# Working with ebony woods



## Sheumais (Oct 11, 2011)

Question for those more skilled than myself (which should be plenty of you).

I have tried doing pens using Macasser ebony (twice), black&white ebony (once), and gaboon ebony (three times).  In EVERY case, the wood has CRACKED.  It always happens between a day and 2 days AFTER turning out the pen and putting it in my portfolio.  It's outright embarrassing when a potential customer is checking out your wares and finds a cracked pen that you didn't know was cracked.
In all but one case, I turned the blanks out using freshly sharpened or honed tools.  I do my turning with the ebony at about 1080 RPM, and all my cuts are fairly light, especially the finishing cuts.  I used the Hut PPP wax for the finish in every case (I like how it buffs to a glorious shine, so I keep using it).
Can anyone give me some pointers on how to turn ebony and have it survive?  I'm currently sitting on a Civil War kit for a commissioned job.  The client wanted an ebony body; I chose Macasser to lower the final price slightly, and because I love the lines I get from it.  I'd like to do this pen before I deploy in 2 weeks, WITHOUT it cracking on me... as it has already done once, with b&w ebony.


----------



## Boz (Oct 11, 2011)

Get a Black Knight acrylic blank from Exotic Blanks and get the job done.  I gave up on trying to turn ebony.


----------



## nativewooder (Oct 11, 2011)

Ebony is very sensitive to heat, whether from turning, sanding, or polishing.  Sometimes it will not crack until later, after you are finished with the pen.  A very difficult family of woods to work with.


----------



## Don Wade (Oct 11, 2011)

I too gave up on ebony.  It cracks, is often is ugly and streaky.  I now use black pr blanks


----------



## Justturnin (Oct 11, 2011)

I have never turned Ebony so I may be WAAAAY off but all this cracking makes me think wet wood. Do you measure with a moisture meter or weigh your blanks? I have a cheapo HF scale and I wrap my new blanks in blue tape at the end and weigh them for a few days. If they stay the same I know it is dry. If it changes I put it on the shelf to dry for a week then weigh it again. I go until I get the same weight for several days before turning. Also, are you allowing the blanks to acclimate to your shop? They could have been in a warehouse and dry but your shop could be drier then the warehouse.

Just some thoughts......I have only had one cup o' coffee today.


----------



## Sheumais (Oct 11, 2011)

Boz said:


> Get a Black Knight acrylic blank from Exotic Blanks and get the job done.
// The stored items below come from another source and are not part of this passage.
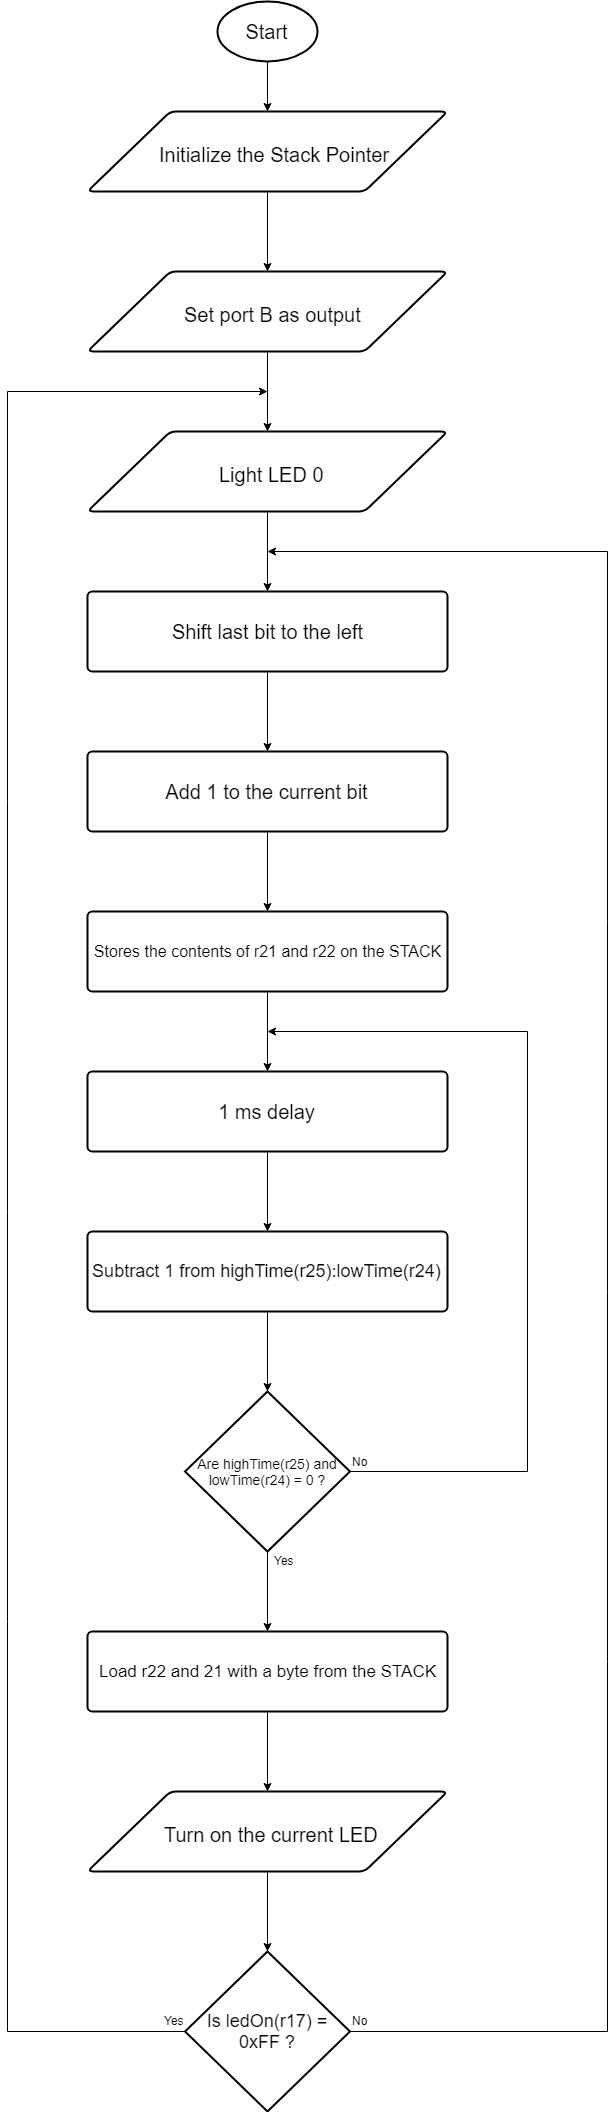

The diagram above was exported from draw.io. Its source (the exported page's mxGraphModel, read from the mxfile embedded in the PNG):
<mxGraphModel dx="1426" dy="715" grid="1" gridSize="10" guides="1" tooltips="1" connect="1" arrows="1" fold="1" page="1" pageScale="1" pageWidth="850" pageHeight="1100" background="#ffffff" math="0" shadow="0">
  <root>
    <mxCell id="0" />
    <mxCell id="1" parent="0" />
    <mxCell id="47" style="edgeStyle=orthogonalEdgeStyle;rounded=0;html=1;entryX=0.5;entryY=0;jettySize=auto;orthogonalLoop=1;" edge="1" parent="1" source="3" target="5">
      <mxGeometry relative="1" as="geometry" />
    </mxCell>
    <mxCell id="3" value="&lt;font style=&quot;font-size: 20px&quot;&gt;Start&lt;/font&gt;" style="strokeWidth=2;html=1;shape=mxgraph.flowchart.start_1;whiteSpace=wrap;" vertex="1" parent="1">
      <mxGeometry x="370" y="10" width="100" height="60" as="geometry" />
    </mxCell>
    <mxCell id="4" style="edgeStyle=orthogonalEdgeStyle;rounded=0;html=1;entryX=0.5;entryY=0;jettySize=auto;orthogonalLoop=1;" edge="1" source="5" target="7" parent="1">
      <mxGeometry relative="1" as="geometry" />
    </mxCell>
    <mxCell id="5" value="" style="verticalLabelPosition=bottom;verticalAlign=top;html=1;strokeWidth=2;shape=parallelogram;perimeter=parallelogramPerimeter;whiteSpace=wrap;rounded=1;arcSize=12;size=0.23;" vertex="1" parent="1">
      <mxGeometry x="240" y="120" width="360" height="80" as="geometry" />
    </mxCell>
    <mxCell id="6" value="&lt;font style=&quot;font-size: 20px&quot;&gt;Initialize the Stack Pointer&lt;/font&gt;" style="text;html=1;" vertex="1" parent="1">
      <mxGeometry x="310" y="145" width="230" height="30" as="geometry" />
    </mxCell>
    <mxCell id="19" style="edgeStyle=orthogonalEdgeStyle;rounded=0;html=1;entryX=0.5;entryY=0;jettySize=auto;orthogonalLoop=1;" edge="1" parent="1" source="7" target="9">
      <mxGeometry relative="1" as="geometry" />
    </mxCell>
    <mxCell id="7" value="" style="verticalLabelPosition=bottom;verticalAlign=top;html=1;strokeWidth=2;shape=parallelogram;perimeter=parallelogramPerimeter;whiteSpace=wrap;rounded=1;arcSize=12;size=0.23;" vertex="1" parent="1">
      <mxGeometry x="240" y="280" width="360" height="80" as="geometry" />
    </mxCell>
    <mxCell id="8" value="&lt;font style=&quot;font-size: 20px&quot;&gt;Set port B as output&lt;/font&gt;" style="text;html=1;" vertex="1" parent="1">
      <mxGeometry x="335" y="305" width="180" height="30" as="geometry" />
    </mxCell>
    <mxCell id="20" style="edgeStyle=orthogonalEdgeStyle;rounded=0;html=1;entryX=0.5;entryY=0;entryPerimeter=0;jettySize=auto;orthogonalLoop=1;" edge="1" parent="1" source="9" target="11">
      <mxGeometry relative="1" as="geometry" />
    </mxCell>
    <mxCell id="9" value="" style="verticalLabelPosition=bottom;verticalAlign=top;html=1;strokeWidth=2;shape=parallelogram;perimeter=parallelogramPerimeter;whiteSpace=wrap;rounded=1;arcSize=12;size=0.23;" vertex="1" parent="1">
      <mxGeometry x="240" y="440" width="360" height="80" as="geometry" />
    </mxCell>
    <mxCell id="10" value="&lt;font style=&quot;font-size: 20px&quot;&gt;Light LED 0&lt;/font&gt;" style="text;html=1;" vertex="1" parent="1">
      <mxGeometry x="370" y="465" width="110" height="30" as="geometry" />
    </mxCell>
    <mxCell id="21" style="edgeStyle=orthogonalEdgeStyle;rounded=0;html=1;jettySize=auto;orthogonalLoop=1;" edge="1" parent="1" source="11" target="12">
      <mxGeometry relative="1" as="geometry" />
    </mxCell>
    <mxCell id="11" value="&lt;font style=&quot;font-size: 20px&quot;&gt;Shift last bit to the left&lt;/font&gt;" style="strokeWidth=2;html=1;shape=mxgraph.flowchart.process;whiteSpace=wrap;" vertex="1" parent="1">
      <mxGeometry x="240" y="600" width="360" height="80" as="geometry" />
    </mxCell>
    <mxCell id="22" style="edgeStyle=orthogonalEdgeStyle;rounded=0;html=1;jettySize=auto;orthogonalLoop=1;" edge="1" parent="1" source="12" target="14">
      <mxGeometry relative="1" as="geometry" />
    </mxCell>
    <mxCell id="12" value="&lt;font style=&quot;font-size: 20px&quot;&gt;Add 1 to the current bit&lt;/font&gt;" style="strokeWidth=2;html=1;shape=mxgraph.flowchart.process;whiteSpace=wrap;" vertex="1" parent="1">
      <mxGeometry x="240" y="760" width="360" height="80" as="geometry" />
    </mxCell>
    <mxCell id="23" style="edgeStyle=orthogonalEdgeStyle;rounded=0;html=1;entryX=0.5;entryY=0;entryPerimeter=0;jettySize=auto;orthogonalLoop=1;" edge="1" parent="1" source="14" target="15">
      <mxGeometry relative="1" as="geometry" />
    </mxCell>
    <mxCell id="14" value="&lt;span&gt;&lt;font style=&quot;font-size: 16px&quot;&gt;Stores the contents of r21 and r22 on the STACK&lt;/font&gt;&lt;/span&gt;&lt;br&gt;" style="strokeWidth=2;html=1;shape=mxgraph.flowchart.process;whiteSpace=wrap;" vertex="1" parent="1">
      <mxGeometry x="240" y="920" width="360" height="80" as="geometry" />
    </mxCell>
    <mxCell id="24" style="edgeStyle=orthogonalEdgeStyle;rounded=0;html=1;entryX=0.5;entryY=0;entryPerimeter=0;jettySize=auto;orthogonalLoop=1;" edge="1" parent="1" source="15" target="16">
      <mxGeometry relative="1" as="geometry" />
    </mxCell>
    <mxCell id="15" value="&lt;span&gt;&lt;font style=&quot;font-size: 20px&quot;&gt;1 ms delay&lt;/font&gt;&lt;/span&gt;&lt;br&gt;" style="strokeWidth=2;html=1;shape=mxgraph.flowchart.process;whiteSpace=wrap;" vertex="1" parent="1">
      <mxGeometry x="240" y="1080" width="360" height="80" as="geometry" />
    </mxCell>
    <mxCell id="33" style="edgeStyle=orthogonalEdgeStyle;rounded=0;html=1;entryX=0.5;entryY=0;entryPerimeter=0;jettySize=auto;orthogonalLoop=1;" edge="1" parent="1" source="16" target="29">
      <mxGeometry relative="1" as="geometry" />
    </mxCell>
    <mxCell id="16" value="&lt;font style=&quot;font-size: 18px&quot;&gt;Subtract 1 from highTime(r25):lowTime(r24)&lt;/font&gt;&lt;br&gt;" style="strokeWidth=2;html=1;shape=mxgraph.flowchart.process;whiteSpace=wrap;" vertex="1" parent="1">
      <mxGeometry x="240" y="1240" width="360" height="80" as="geometry" />
    </mxCell>
    <mxCell id="40" style="edgeStyle=orthogonalEdgeStyle;rounded=0;html=1;entryX=0.5;entryY=0;jettySize=auto;orthogonalLoop=1;" edge="1" parent="1" source="17" target="38">
      <mxGeometry relative="1" as="geometry" />
    </mxCell>
    <mxCell id="17" value="&lt;font style=&quot;font-size: 17px&quot;&gt;Load r22 and 21 with a byte from the STACK&lt;/font&gt;&lt;br&gt;" style="strokeWidth=2;html=1;shape=mxgraph.flowchart.process;whiteSpace=wrap;" vertex="1" parent="1">
      <mxGeometry x="240" y="1640" width="360" height="80" as="geometry" />
    </mxCell>
    <mxCell id="34" style="edgeStyle=orthogonalEdgeStyle;rounded=0;html=1;entryX=0.5;entryY=0;entryPerimeter=0;jettySize=auto;orthogonalLoop=1;" edge="1" parent="1" source="29" target="17">
      <mxGeometry relative="1" as="geometry" />
    </mxCell>
    <mxCell id="36" style="edgeStyle=orthogonalEdgeStyle;rounded=0;html=1;jettySize=auto;orthogonalLoop=1;" edge="1" parent="1" source="29">
      <mxGeometry relative="1" as="geometry">
        <mxPoint x="420" y="1040" as="targetPoint" />
        <Array as="points">
          <mxPoint x="680" y="1480" />
          <mxPoint x="680" y="1040" />
        </Array>
      </mxGeometry>
    </mxCell>
    <mxCell id="29" value="&lt;font style=&quot;font-size: 14px&quot;&gt;&lt;font style=&quot;font-size: 14px&quot;&gt;Are&amp;nbsp;&lt;/font&gt;&lt;span&gt;highTime(r25) and lowTime(r24) = 0 ?&lt;/span&gt;&lt;/font&gt;" style="strokeWidth=2;html=1;shape=mxgraph.flowchart.decision;whiteSpace=wrap;" vertex="1" parent="1">
      <mxGeometry x="337.5" y="1400" width="165" height="160" as="geometry" />
    </mxCell>
    <mxCell id="35" value="Yes" style="text;html=1;resizable=0;points=[];autosize=1;align=left;verticalAlign=top;spacingTop=-4;" vertex="1" parent="1">
      <mxGeometry x="425" y="1560" width="40" height="20" as="geometry" />
    </mxCell>
    <mxCell id="37" value="No" style="text;html=1;resizable=0;points=[];autosize=1;align=left;verticalAlign=top;spacingTop=-4;" vertex="1" parent="1">
      <mxGeometry x="502.5" y="1461" width="30" height="20" as="geometry" />
    </mxCell>
    <mxCell id="42" style="edgeStyle=orthogonalEdgeStyle;rounded=0;html=1;entryX=0.5;entryY=0;entryPerimeter=0;jettySize=auto;orthogonalLoop=1;" edge="1" parent="1" source="38" target="41">
      <mxGeometry relative="1" as="geometry" />
    </mxCell>
    <mxCell id="38" value="" style="verticalLabelPosition=bottom;verticalAlign=top;html=1;strokeWidth=2;shape=parallelogram;perimeter=parallelogramPerimeter;whiteSpace=wrap;rounded=1;arcSize=12;size=0.23;" vertex="1" parent="1">
      <mxGeometry x="240" y="1800" width="360" height="80" as="geometry" />
    </mxCell>
    <mxCell id="39" value="&lt;font style=&quot;font-size: 20px&quot;&gt;Turn on the current LED&lt;/font&gt;" style="text;html=1;" vertex="1" parent="1">
      <mxGeometry x="315" y="1825" width="210" height="30" as="geometry" />
    </mxCell>
    <mxCell id="43" style="edgeStyle=orthogonalEdgeStyle;rounded=0;html=1;jettySize=auto;orthogonalLoop=1;" edge="1" parent="1" source="41">
      <mxGeometry relative="1" as="geometry">
        <mxPoint x="420" y="560" as="targetPoint" />
        <Array as="points">
          <mxPoint x="760" y="2040" />
          <mxPoint x="760" y="560" />
        </Array>
      </mxGeometry>
    </mxCell>
    <mxCell id="44" style="edgeStyle=orthogonalEdgeStyle;rounded=0;html=1;jettySize=auto;orthogonalLoop=1;" edge="1" parent="1" source="41">
      <mxGeometry relative="1" as="geometry">
        <mxPoint x="420" y="400" as="targetPoint" />
        <Array as="points">
          <mxPoint x="160" y="2040" />
          <mxPoint x="160" y="400" />
        </Array>
      </mxGeometry>
    </mxCell>
    <mxCell id="41" value="&lt;span&gt;&lt;font style=&quot;font-size: 18px&quot;&gt;Is ledOn(r17) = 0xFF ?&lt;/font&gt;&lt;/span&gt;&lt;br&gt;" style="strokeWidth=2;html=1;shape=mxgraph.flowchart.decision;whiteSpace=wrap;" vertex="1" parent="1">
      <mxGeometry x="337.5" y="1960" width="165" height="160" as="geometry" />
    </mxCell>
    <mxCell id="45" value="Yes" style="text;html=1;resizable=0;points=[];autosize=1;align=left;verticalAlign=top;spacingTop=-4;" vertex="1" parent="1">
      <mxGeometry x="315" y="2020" width="40" height="20" as="geometry" />
    </mxCell>
    <mxCell id="46" value="No" style="text;html=1;resizable=0;points=[];autosize=1;align=left;verticalAlign=top;spacingTop=-4;" vertex="1" parent="1">
      <mxGeometry x="502.5" y="2020" width="30" height="20" as="geometry" />
    </mxCell>
  </root>
</mxGraphModel>

I gave up on trying to turn ebony.


 
The guy insists on ebony.  I'm inclined to oblige him.


----------



## Jon-wx5nco (Oct 11, 2011)

So far, I have only turned one ebony blank for a pen (cigar).  I just used the HUTS friction polish on it.  For some dumb@$$ reason, I forgot the pen and left it in my truck.  Needless to say, it cracked.  I don't know if I had a good CA finish on it if it would have cracked or not.  I may give it a try at some point.


----------



## Russell Eaton (Oct 11, 2011)

I have had ebony crack 2 months after turning, I just stopped making pens out of it.


----------



## ssajn (Oct 11, 2011)

Use African Blackwood. You can't tell the difference between it and ebony and it doesn't crack as much.It's also easier to finish.


----------



## jfoh (Oct 11, 2011)

Extremely dense woods like ebony and snakewood do not tolerate heat well. They are very prone to cracking when thin and any temperature or humidity change occurs. Humidity like going from desk top to sweaty shirt pocket. 
I have had some that were Ok if I kept them from being too thin when turned. 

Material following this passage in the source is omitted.